Nkurunziza warns he would fight AU peacekeepers

Burundian President Pierre Nkurunziza said Wednesday he would fight proposed African Union peacekeepers if they set foot on Burundian soil

Burundian President Pierre Nkurunziza said Wednesday he would fight proposed African Union peacekeepers if they set foot on Burundian soil, defying intense global pressure to accept the force.
"Everybody should respect the borders of Burundi. If the troops are in violation of this decision, they will have attacked Burundi, and each Burundian must stand up to fight them," Nkurunziza said in a speech broadcast on state radio.

"The country will have been attacked, and we will fight them."
The 54-member African Union gave Burundi a four-day deadline on December 17 to accept a 5,000-strong force to halt months of violence, pledging to send troops even though Burundi said it was opposed to an "invasion force".
The small central African country descended into bloodshed in April when Nkurunziza announced his intention to run for a controversial third term in a July election that he went on to win.
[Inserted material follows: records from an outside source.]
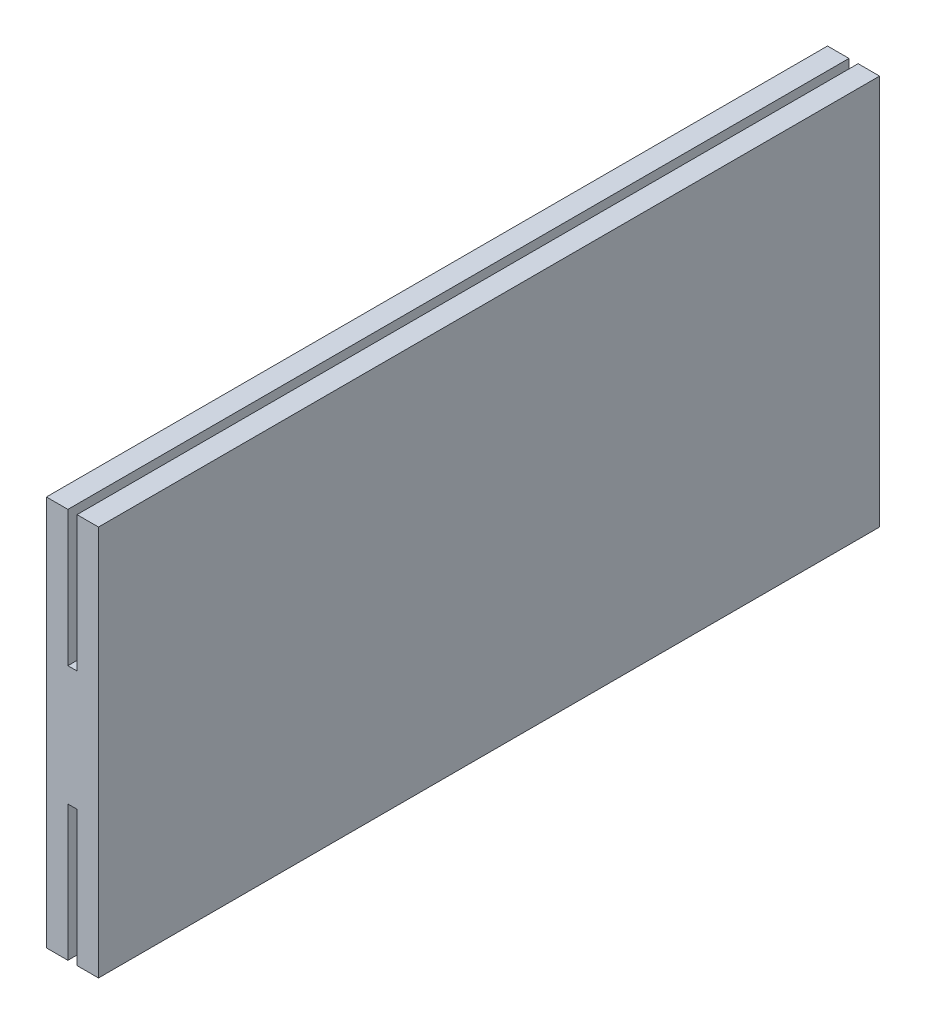
ISO-10303-21;
HEADER;
FILE_DESCRIPTION(('STEP AP214'),'2;1');
FILE_NAME('part.step','',(''),(''),'','','');
FILE_SCHEMA(('AUTOMOTIVE_DESIGN { 1 0 10303 214 1 1 1 1 }'));
ENDSEC;
DATA;
#1=APPLICATION_CONTEXT('core data for automotive mechanical design processes');
#2=APPLICATION_PROTOCOL_DEFINITION('international standard','automotive_design',2000,#1);
#3=PRODUCT_CONTEXT('',#1,'mechanical');
#4=PRODUCT('Part','Part','',(#3));
#5=PRODUCT_RELATED_PRODUCT_CATEGORY('part','',(#4));
#6=PRODUCT_DEFINITION_FORMATION('','',#4);
#7=PRODUCT_DEFINITION_CONTEXT('part definition',#1,'design');
#8=PRODUCT_DEFINITION('design','',#6,#7);
#9=PRODUCT_DEFINITION_SHAPE('','',#8);
#10=(LENGTH_UNIT() NAMED_UNIT(*) SI_UNIT(.MILLI.,.METRE.));
#11=(NAMED_UNIT(*) PLANE_ANGLE_UNIT() SI_UNIT($,.RADIAN.));
#12=(NAMED_UNIT(*) SI_UNIT($,.STERADIAN.) SOLID_ANGLE_UNIT());
#13=UNCERTAINTY_MEASURE_WITH_UNIT(LENGTH_MEASURE(1.E-05),#10,'distance_accuracy_value','');
#14=(GEOMETRIC_REPRESENTATION_CONTEXT(3) GLOBAL_UNCERTAINTY_ASSIGNED_CONTEXT((#13)) GLOBAL_UNIT_ASSIGNED_CONTEXT((#10,
#11,#12)) REPRESENTATION_CONTEXT('',''));
#15=CARTESIAN_POINT('',(0.,0.,0.));
#16=DIRECTION('',(0.,0.,1.));
#17=DIRECTION('',(1.,0.,0.));
#18=AXIS2_PLACEMENT_3D('',#15,#16,#17);
#19=CARTESIAN_POINT('',(0.,7.5,30.));
#20=DIRECTION('',(0.,1.,0.));
#21=DIRECTION('',(0.,0.,1.));
#22=AXIS2_PLACEMENT_3D('',#19,#20,#21);
#23=PLANE('',#22);
#24=DIRECTION('',(1.,0.,0.));
#25=VECTOR('',#24,1.);
#26=CARTESIAN_POINT('',(0.,7.5,0.));
#27=LINE('',#26,#25);
#28=CARTESIAN_POINT('',(0.174999999999999,7.5,0.));
#29=VERTEX_POINT('',#28);
#30=CARTESIAN_POINT('',(0.999999999999999,7.5,0.));
#31=VERTEX_POINT('',#30);
#32=EDGE_CURVE('E170',#29,#31,#27,.T.);
#33=ORIENTED_EDGE('',*,*,#32,.F.);
#34=DIRECTION('',(0.,0.,-1.));
#35=VECTOR('',#34,1.);
#36=CARTESIAN_POINT('',(0.174999999999999,7.5,30.));
#37=LINE('',#36,#35);
#38=CARTESIAN_POINT('',(0.174999999999999,7.5,30.));
#39=VERTEX_POINT('',#38);
#40=EDGE_CURVE('E11',#39,#29,#37,.T.);
#41=ORIENTED_EDGE('',*,*,#40,.F.);
#42=DIRECTION('',(1.,0.,0.));
#43=VECTOR('',#42,1.);
#44=CARTESIAN_POINT('',(0.,7.5,30.));
#45=LINE('',#44,#43);
#46=CARTESIAN_POINT('',(0.999999999999999,7.5,30.));
#47=VERTEX_POINT('',#46);
#48=EDGE_CURVE('E206',#39,#47,#45,.T.);
#49=ORIENTED_EDGE('',*,*,#48,.T.);
#50=DIRECTION('',(0.,0.,-1.));
#51=VECTOR('',#50,1.);
#52=CARTESIAN_POINT('',(0.999999999999999,7.5,30.));
#53=LINE('',#52,#51);
#54=EDGE_CURVE('E61',#47,#31,#53,.T.);
#55=ORIENTED_EDGE('',*,*,#54,.T.);
#56=EDGE_LOOP('',(#33,#41,#49,#55));
#57=FACE_BOUND('',#56,.T.);
#58=ADVANCED_FACE('F43',(#57),#23,.T.);
#59=CARTESIAN_POINT('',(0.175,0.,30.));
#60=DIRECTION('',(1.,0.,0.));
#61=DIRECTION('',(0.,1.,0.));
#62=AXIS2_PLACEMENT_3D('',#59,#60,#61);
#63=PLANE('',#62);
#64=DIRECTION('',(0.,-1.,0.));
#65=VECTOR('',#64,1.);
#66=CARTESIAN_POINT('',(0.175,0.,0.));
#67=LINE('',#66,#65);
#68=CARTESIAN_POINT('',(0.175,2.3,0.));
#69=VERTEX_POINT('',#68);
#70=EDGE_CURVE('E173',#29,#69,#67,.T.);
#71=ORIENTED_EDGE('',*,*,#70,.T.);
#72=DIRECTION('',(0.,0.,-1.));
#73=VECTOR('',#72,1.);
#74=CARTESIAN_POINT('',(0.175,2.3,30.));
#75=LINE('',#74,#73);
#76=CARTESIAN_POINT('',(0.175,2.3,30.));
#77=VERTEX_POINT('',#76);
#78=EDGE_CURVE('E53',#77,#69,#75,.T.);
#79=ORIENTED_EDGE('',*,*,#78,.F.);
#80=DIRECTION('',(0.,-1.,0.));
#81=VECTOR('',#80,1.);
#82=CARTESIAN_POINT('',(0.175,0.,30.));
#83=LINE('',#82,#81);
#84=EDGE_CURVE('E256',#39,#77,#83,.T.);
#85=ORIENTED_EDGE('',*,*,#84,.F.);
#86=ORIENTED_EDGE('',*,*,#40,.T.);
#87=EDGE_LOOP('',(#71,#79,#85,#86));
#88=FACE_BOUND('',#87,.T.);
#89=ADVANCED_FACE('F45',(#88),#63,.F.);
#90=CARTESIAN_POINT('',(0.,2.3,30.));
#91=DIRECTION('',(0.,1.,0.));
#92=DIRECTION('',(0.,0.,1.));
#93=AXIS2_PLACEMENT_3D('',#90,#91,#92);
#94=PLANE('',#93);
#95=DIRECTION('',(1.,0.,0.));
#96=VECTOR('',#95,1.);
#97=CARTESIAN_POINT('',(0.,2.3,0.));
#98=LINE('',#97,#96);
#99=CARTESIAN_POINT('',(-0.175,2.3,0.));
#100=VERTEX_POINT('',#99);
#101=EDGE_CURVE('E178',#100,#69,#98,.T.);
#102=ORIENTED_EDGE('',*,*,#101,.F.);
#103=DIRECTION('',(0.,0.,-1.));
#104=VECTOR('',#103,1.);
#105=CARTESIAN_POINT('',(-0.175,2.3,30.));
#106=LINE('',#105,#104);
#107=CARTESIAN_POINT('',(-0.175,2.3,30.));
#108=VERTEX_POINT('',#107);
#109=EDGE_CURVE('E231',#108,#100,#106,.T.);
#110=ORIENTED_EDGE('',*,*,#109,.F.);
#111=DIRECTION('',(1.,0.,0.));
#112=VECTOR('',#111,1.);
#113=CARTESIAN_POINT('',(0.,2.3,30.));
#114=LINE('',#113,#112);
#115=EDGE_CURVE('E240',#108,#77,#114,.T.);
#116=ORIENTED_EDGE('',*,*,#115,.T.);
#117=ORIENTED_EDGE('',*,*,#78,.T.);
#118=EDGE_LOOP('',(#102,#110,#116,#117));
#119=FACE_BOUND('',#118,.T.);
#120=ADVANCED_FACE('F238',(#119),#94,.T.);
#121=CARTESIAN_POINT('',(-0.175,0.,30.));
#122=DIRECTION('',(1.,0.,0.));
#123=DIRECTION('',(0.,1.,0.));
#124=AXIS2_PLACEMENT_3D('',#121,#122,#123);
#125=PLANE('',#124);
#126=DIRECTION('',(0.,-1.,0.));
#127=VECTOR('',#126,1.);
#128=CARTESIAN_POINT('',(-0.175,0.,0.));
#129=LINE('',#128,#127);
#130=CARTESIAN_POINT('',(-0.174999999999999,7.5,0.));
#131=VERTEX_POINT('',#130);
#132=EDGE_CURVE('E182',#131,#100,#129,.T.);
#133=ORIENTED_EDGE('',*,*,#132,.F.);
#134=DIRECTION('',(0.,0.,-1.));
#135=VECTOR('',#134,1.);
#136=CARTESIAN_POINT('',(-0.174999999999999,7.5,30.));
#137=LINE('',#136,#135);
#138=CARTESIAN_POINT('',(-0.174999999999999,7.5,30.));
#139=VERTEX_POINT('',#138);
#140=EDGE_CURVE('E228',#139,#131,#137,.T.);
#141=ORIENTED_EDGE('',*,*,#140,.F.);
#142=DIRECTION('',(0.,-1.,0.));
#143=VECTOR('',#142,1.);
#144=CARTESIAN_POINT('',(-0.175,0.,30.));
#145=LINE('',#144,#143);
#146=EDGE_CURVE('E253',#139,#108,#145,.T.);
#147=ORIENTED_EDGE('',*,*,#146,.T.);
#148=ORIENTED_EDGE('',*,*,#109,.T.);
#149=EDGE_LOOP('',(#133,#141,#147,#148));
#150=FACE_BOUND('',#149,.T.);
#151=ADVANCED_FACE('F250',(#150),#125,.T.);
#152=CARTESIAN_POINT('',(-1.,7.5,0.));
#153=VERTEX_POINT('',#152);
#154=EDGE_CURVE('E174',#153,#131,#27,.T.);
#155=ORIENTED_EDGE('',*,*,#154,.F.);
#156=DIRECTION('',(0.,0.,-1.));
#157=VECTOR('',#156,1.);
#158=CARTESIAN_POINT('',(-1.,7.5,30.));
#159=LINE('',#158,#157);
#160=CARTESIAN_POINT('',(-1.,7.5,30.));
#161=VERTEX_POINT('',#160);
#162=EDGE_CURVE('E225',#161,#153,#159,.T.);
#163=ORIENTED_EDGE('',*,*,#162,.F.);
#164=EDGE_CURVE('E261',#161,#139,#45,.T.);
#165=ORIENTED_EDGE('',*,*,#164,.T.);
#166=ORIENTED_EDGE('',*,*,#140,.T.);
#167=EDGE_LOOP('',(#155,#163,#165,#166));
#168=FACE_BOUND('',#167,.T.);
#169=ADVANCED_FACE('F285',(#168),#23,.T.);
#170=CARTESIAN_POINT('',(-1.,0.,30.));
#171=DIRECTION('',(1.,0.,0.));
#172=DIRECTION('',(0.,1.,0.));
#173=AXIS2_PLACEMENT_3D('',#170,#171,#172);
#174=PLANE('',#173);
#175=DIRECTION('',(0.,-1.,0.));
#176=VECTOR('',#175,1.);
#177=CARTESIAN_POINT('',(-1.,0.,0.));
#178=LINE('',#177,#176);
#179=CARTESIAN_POINT('',(-0.999999999999999,-7.5,0.));
#180=VERTEX_POINT('',#179);
#181=EDGE_CURVE('E186',#153,#180,#178,.T.);
#182=ORIENTED_EDGE('',*,*,#181,.T.);
#183=DIRECTION('',(0.,0.,-1.));
#184=VECTOR('',#183,1.);
#185=CARTESIAN_POINT('',(-0.999999999999999,-7.5,30.));
#186=LINE('',#185,#184);
#187=CARTESIAN_POINT('',(-0.999999999999999,-7.5,30.));
#188=VERTEX_POINT('',#187);
#189=EDGE_CURVE('E221',#188,#180,#186,.T.);
#190=ORIENTED_EDGE('',*,*,#189,.F.);
#191=DIRECTION('',(0.,-1.,0.));
#192=VECTOR('',#191,1.);
#193=CARTESIAN_POINT('',(-1.,0.,30.));
#194=LINE('',#193,#192);
#195=EDGE_CURVE('E266',#161,#188,#194,.T.);
#196=ORIENTED_EDGE('',*,*,#195,.F.);
#197=ORIENTED_EDGE('',*,*,#162,.T.);
#198=EDGE_LOOP('',(#182,#190,#196,#197));
#199=FACE_BOUND('',#198,.T.);
#200=ADVANCED_FACE('F289',(#199),#174,.F.);
#201=CARTESIAN_POINT('',(0.,-7.5,30.));
#202=DIRECTION('',(0.,1.,0.));
#203=DIRECTION('',(0.,0.,1.));
#204=AXIS2_PLACEMENT_3D('',#201,#202,#203);
#205=PLANE('',#204);
#206=DIRECTION('',(1.,0.,0.));
#207=VECTOR('',#206,1.);
#208=CARTESIAN_POINT('',(0.,-7.5,0.));
#209=LINE('',#208,#207);
#210=CARTESIAN_POINT('',(-0.175,-7.5,0.));
#211=VERTEX_POINT('',#210);
#212=EDGE_CURVE('E189',#180,#211,#209,.T.);
#213=ORIENTED_EDGE('',*,*,#212,.T.);
#214=DIRECTION('',(0.,0.,-1.));
#215=VECTOR('',#214,1.);
#216=CARTESIAN_POINT('',(-0.175,-7.5,30.));
#217=LINE('',#216,#215);
#218=CARTESIAN_POINT('',(-0.175,-7.5,30.));
#219=VERTEX_POINT('',#218);
#220=EDGE_CURVE('E217',#219,#211,#217,.T.);
#221=ORIENTED_EDGE('',*,*,#220,.F.);
#222=DIRECTION('',(1.,0.,0.));
#223=VECTOR('',#222,1.);
#224=CARTESIAN_POINT('',(0.,-7.5,30.));
#225=LINE('',#224,#223);
#226=EDGE_CURVE('E155',#188,#219,#225,.T.);
#227=ORIENTED_EDGE('',*,*,#226,.F.);
#228=ORIENTED_EDGE('',*,*,#189,.T.);
#229=EDGE_LOOP('',(#213,#221,#227,#228));
#230=FACE_BOUND('',#229,.T.);
#231=ADVANCED_FACE('F292',(#230),#205,.F.);
#232=CARTESIAN_POINT('',(-0.175,0.,30.));
#233=DIRECTION('',(-1.,0.,0.));
#234=DIRECTION('',(0.,0.,1.));
#235=AXIS2_PLACEMENT_3D('',#232,#233,#234);
#236=PLANE('',#235);
#237=DIRECTION('',(0.,1.,0.));
#238=VECTOR('',#237,1.);
#239=CARTESIAN_POINT('',(-0.175,0.,0.));
#240=LINE('',#239,#238);
#241=CARTESIAN_POINT('',(-0.175,-2.3,0.));
#242=VERTEX_POINT('',#241);
#243=EDGE_CURVE('E192',#211,#242,#240,.T.);
#244=ORIENTED_EDGE('',*,*,#243,.T.);
#245=DIRECTION('',(0.,0.,-1.));
#246=VECTOR('',#245,1.);
#247=CARTESIAN_POINT('',(-0.175,-2.3,30.));
#248=LINE('',#247,#246);
#249=CARTESIAN_POINT('',(-0.175,-2.3,30.));
#250=VERTEX_POINT('',#249);
#251=EDGE_CURVE('E213',#250,#242,#248,.T.);
#252=ORIENTED_EDGE('',*,*,#251,.F.);
#253=DIRECTION('',(0.,1.,0.));
#254=VECTOR('',#253,1.);
#255=CARTESIAN_POINT('',(-0.175,0.,30.));
#256=LINE('',#255,#254);
#257=EDGE_CURVE('E164',#219,#250,#256,.T.);
#258=ORIENTED_EDGE('',*,*,#257,.F.);
#259=ORIENTED_EDGE('',*,*,#220,.T.);
#260=EDGE_LOOP('',(#244,#252,#258,#259));
#261=FACE_BOUND('',#260,.T.);
#262=ADVANCED_FACE('F275',(#261),#236,.F.);
#263=CARTESIAN_POINT('',(0.,-2.3,30.));
#264=DIRECTION('',(0.,1.,0.));
#265=DIRECTION('',(0.,0.,1.));
#266=AXIS2_PLACEMENT_3D('',#263,#264,#265);
#267=PLANE('',#266);
#268=DIRECTION('',(1.,0.,0.));
#269=VECTOR('',#268,1.);
#270=CARTESIAN_POINT('',(0.,-2.3,0.));
#271=LINE('',#270,#269);
#272=CARTESIAN_POINT('',(0.175,-2.3,0.));
#273=VERTEX_POINT('',#272);
#274=EDGE_CURVE('E196',#242,#273,#271,.T.);
#275=ORIENTED_EDGE('',*,*,#274,.T.);
#276=DIRECTION('',(0.,0.,-1.));
#277=VECTOR('',#276,1.);
#278=CARTESIAN_POINT('',(0.175,-2.3,30.));
#279=LINE('',#278,#277);
#280=CARTESIAN_POINT('',(0.175,-2.3,30.));
#281=VERTEX_POINT('',#280);
#282=EDGE_CURVE('E146',#281,#273,#279,.T.);
#283=ORIENTED_EDGE('',*,*,#282,.F.);
#284=DIRECTION('',(1.,0.,0.));
#285=VECTOR('',#284,1.);
#286=CARTESIAN_POINT('',(0.,-2.3,30.));
#287=LINE('',#286,#285);
#288=EDGE_CURVE('E159',#250,#281,#287,.T.);
#289=ORIENTED_EDGE('',*,*,#288,.F.);
#290=ORIENTED_EDGE('',*,*,#251,.T.);
#291=EDGE_LOOP('',(#275,#283,#289,#290));
#292=FACE_BOUND('',#291,.T.);
#293=ADVANCED_FACE('F279',(#292),#267,.F.);
#294=CARTESIAN_POINT('',(0.175,0.,30.));
#295=DIRECTION('',(-1.,0.,0.));
#296=DIRECTION('',(0.,0.,1.));
#297=AXIS2_PLACEMENT_3D('',#294,#295,#296);
#298=PLANE('',#297);
#299=DIRECTION('',(0.,1.,0.));
#300=VECTOR('',#299,1.);
#301=CARTESIAN_POINT('',(0.175,0.,0.));
#302=LINE('',#301,#300);
#303=CARTESIAN_POINT('',(0.175,-7.5,0.));
#304=VERTEX_POINT('',#303);
#305=EDGE_CURVE('E142',#304,#273,#302,.T.);
#306=ORIENTED_EDGE('',*,*,#305,.F.);
#307=DIRECTION('',(0.,0.,-1.));
#308=VECTOR('',#307,1.);
#309=CARTESIAN_POINT('',(0.175,-7.5,30.));
#310=LINE('',#309,#308);
#311=CARTESIAN_POINT('',(0.175,-7.5,30.));
#312=VERTEX_POINT('',#311);
#313=EDGE_CURVE('E136',#312,#304,#310,.T.);
#314=ORIENTED_EDGE('',*,*,#313,.F.);
#315=DIRECTION('',(0.,1.,0.));
#316=VECTOR('',#315,1.);
#317=CARTESIAN_POINT('',(0.175,0.,30.));
#318=LINE('',#317,#316);
#319=EDGE_CURVE('E140',#312,#281,#318,.T.);
#320=ORIENTED_EDGE('',*,*,#319,.T.);
#321=ORIENTED_EDGE('',*,*,#282,.T.);
#322=EDGE_LOOP('',(#306,#314,#320,#321));
#323=FACE_BOUND('',#322,.T.);
#324=ADVANCED_FACE('F138',(#323),#298,.T.);
#325=CARTESIAN_POINT('',(1.,-7.5,0.));
#326=VERTEX_POINT('',#325);
#327=EDGE_CURVE('E193',#304,#326,#209,.T.);
#328=ORIENTED_EDGE('',*,*,#327,.T.);
#329=DIRECTION('',(0.,0.,-1.));
#330=VECTOR('',#329,1.);
#331=CARTESIAN_POINT('',(1.,-7.5,30.));
#332=LINE('',#331,#330);
#333=CARTESIAN_POINT('',(1.,-7.5,30.));
#334=VERTEX_POINT('',#333);
#335=EDGE_CURVE('E99',#334,#326,#332,.T.);
#336=ORIENTED_EDGE('',*,*,#335,.F.);
#337=EDGE_CURVE('E148',#312,#334,#225,.T.);
#338=ORIENTED_EDGE('',*,*,#337,.F.);
#339=ORIENTED_EDGE('',*,*,#313,.T.);
#340=EDGE_LOOP('',(#328,#336,#338,#339));
#341=FACE_BOUND('',#340,.T.);
#342=ADVANCED_FACE('F149',(#341),#205,.F.);
#343=CARTESIAN_POINT('',(1.,0.,30.));
#344=DIRECTION('',(1.,0.,0.));
#345=DIRECTION('',(0.,1.,0.));
#346=AXIS2_PLACEMENT_3D('',#343,#344,#345);
#347=PLANE('',#346);
#348=DIRECTION('',(0.,-1.,0.));
#349=VECTOR('',#348,1.);
#350=CARTESIAN_POINT('',(1.,0.,0.));
#351=LINE('',#350,#349);
#352=EDGE_CURVE('E202',#31,#326,#351,.T.);
#353=ORIENTED_EDGE('',*,*,#352,.F.);
#354=ORIENTED_EDGE('',*,*,#54,.F.);
#355=DIRECTION('',(0.,-1.,0.));
#356=VECTOR('',#355,1.);
#357=CARTESIAN_POINT('',(1.,0.,30.));
#358=LINE('',#357,#356);
#359=EDGE_CURVE('E153',#47,#334,#358,.T.);
#360=ORIENTED_EDGE('',*,*,#359,.T.);
#361=ORIENTED_EDGE('',*,*,#335,.T.);
#362=EDGE_LOOP('',(#353,#354,#360,#361));
#363=FACE_BOUND('',#362,.T.);
#364=ADVANCED_FACE('F304',(#363),#347,.T.);
#365=CARTESIAN_POINT('',(0.,0.,30.));
#366=DIRECTION('',(0.,0.,1.));
#367=DIRECTION('',(1.,0.,0.));
#368=AXIS2_PLACEMENT_3D('',#365,#366,#367);
#369=PLANE('',#368);
#370=ORIENTED_EDGE('',*,*,#48,.F.);
#371=ORIENTED_EDGE('',*,*,#84,.T.);
#372=ORIENTED_EDGE('',*,*,#115,.F.);
#373=ORIENTED_EDGE('',*,*,#146,.F.);
#374=ORIENTED_EDGE('',*,*,#164,.F.);
#375=ORIENTED_EDGE('',*,*,#195,.T.);
#376=ORIENTED_EDGE('',*,*,#226,.T.);
#377=ORIENTED_EDGE('',*,*,#257,.T.);
#378=ORIENTED_EDGE('',*,*,#288,.T.);
#379=ORIENTED_EDGE('',*,*,#319,.F.);
#380=ORIENTED_EDGE('',*,*,#337,.T.);
#381=ORIENTED_EDGE('',*,*,#359,.F.);
#382=EDGE_LOOP('',(#370,#371,#372,#373,#374,#375,#376,#377,#378,#379,#380,#381));
#383=FACE_BOUND('',#382,.T.);
#384=ADVANCED_FACE('F157',(#383),#369,.T.);
#385=CARTESIAN_POINT('',(0.,0.,0.));
#386=DIRECTION('',(0.,0.,1.));
#387=DIRECTION('',(1.,0.,0.));
#388=AXIS2_PLACEMENT_3D('',#385,#386,#387);
#389=PLANE('',#388);
#390=ORIENTED_EDGE('',*,*,#32,.T.);
#391=ORIENTED_EDGE('',*,*,#352,.T.);
#392=ORIENTED_EDGE('',*,*,#327,.F.);
#393=ORIENTED_EDGE('',*,*,#305,.T.);
#394=ORIENTED_EDGE('',*,*,#274,.F.);
#395=ORIENTED_EDGE('',*,*,#243,.F.);
#396=ORIENTED_EDGE('',*,*,#212,.F.);
#397=ORIENTED_EDGE('',*,*,#181,.F.);
#398=ORIENTED_EDGE('',*,*,#154,.T.);
#399=ORIENTED_EDGE('',*,*,#132,.T.);
#400=ORIENTED_EDGE('',*,*,#101,.T.);
#401=ORIENTED_EDGE('',*,*,#70,.F.);
#402=EDGE_LOOP('',(#390,#391,#392,#393,#394,#395,#396,#397,#398,#399,#400,#401));
#403=FACE_BOUND('',#402,.T.);
#404=ADVANCED_FACE('F244',(#403),#389,.F.);
#405=CLOSED_SHELL('',(#58,#89,#120,#151,#169,#200,#231,#262,#293,#324,#342,#364,#384,#404));
#406=MANIFOLD_SOLID_BREP('B2',#405);
#407=ADVANCED_BREP_SHAPE_REPRESENTATION('',(#18,#406),#14);
#408=SHAPE_DEFINITION_REPRESENTATION(#9,#407);
ENDSEC;
END-ISO-10303-21;

"You cannot send troops to a country if the United Nations Security Council has not accepted it... the UN resolution says the international community should respect the independence of Burundi," Nkurunziza said in one of his strongest speeches yet following the unrest.
Burundi is still recovering from an ethnically-charged civil war between majority Hutus and minority Tutsis, which cost an estimated 300,000 lives between 1993 and 2006.

Hundreds of people have been killed since April, when opponents of Nkurunziza's re-election bid took to the streets in protest.
"When there are two warring forces then you can have a peacekeeping force," Nkurunziza said. "But this is not the case here, because we are facing a security problem. It is not a political issue, because this was resolved by the elections."

Earlier this month UN Secretary-General Ban Ki-moon said that deploying UN peacekeepers to Burundi was an option to quell the violence.
AU Commission chief Nkosazana Dlamini-Zuma has written to the UN Security Council asking for "full UN support including the authorisation of a support package" for the force, the AU has said.

The proposed force, the African Prevention and Protection Mission in Burundi, is known by its acronym in French, MAPROBU. No details of possible troop contributing nations have been given, or any timeline for its deployment.
Burundian troops themselves are a key contingent in the AU force in Somalia, AMISOM, as well as the UN mission in Central African Republic (CAR).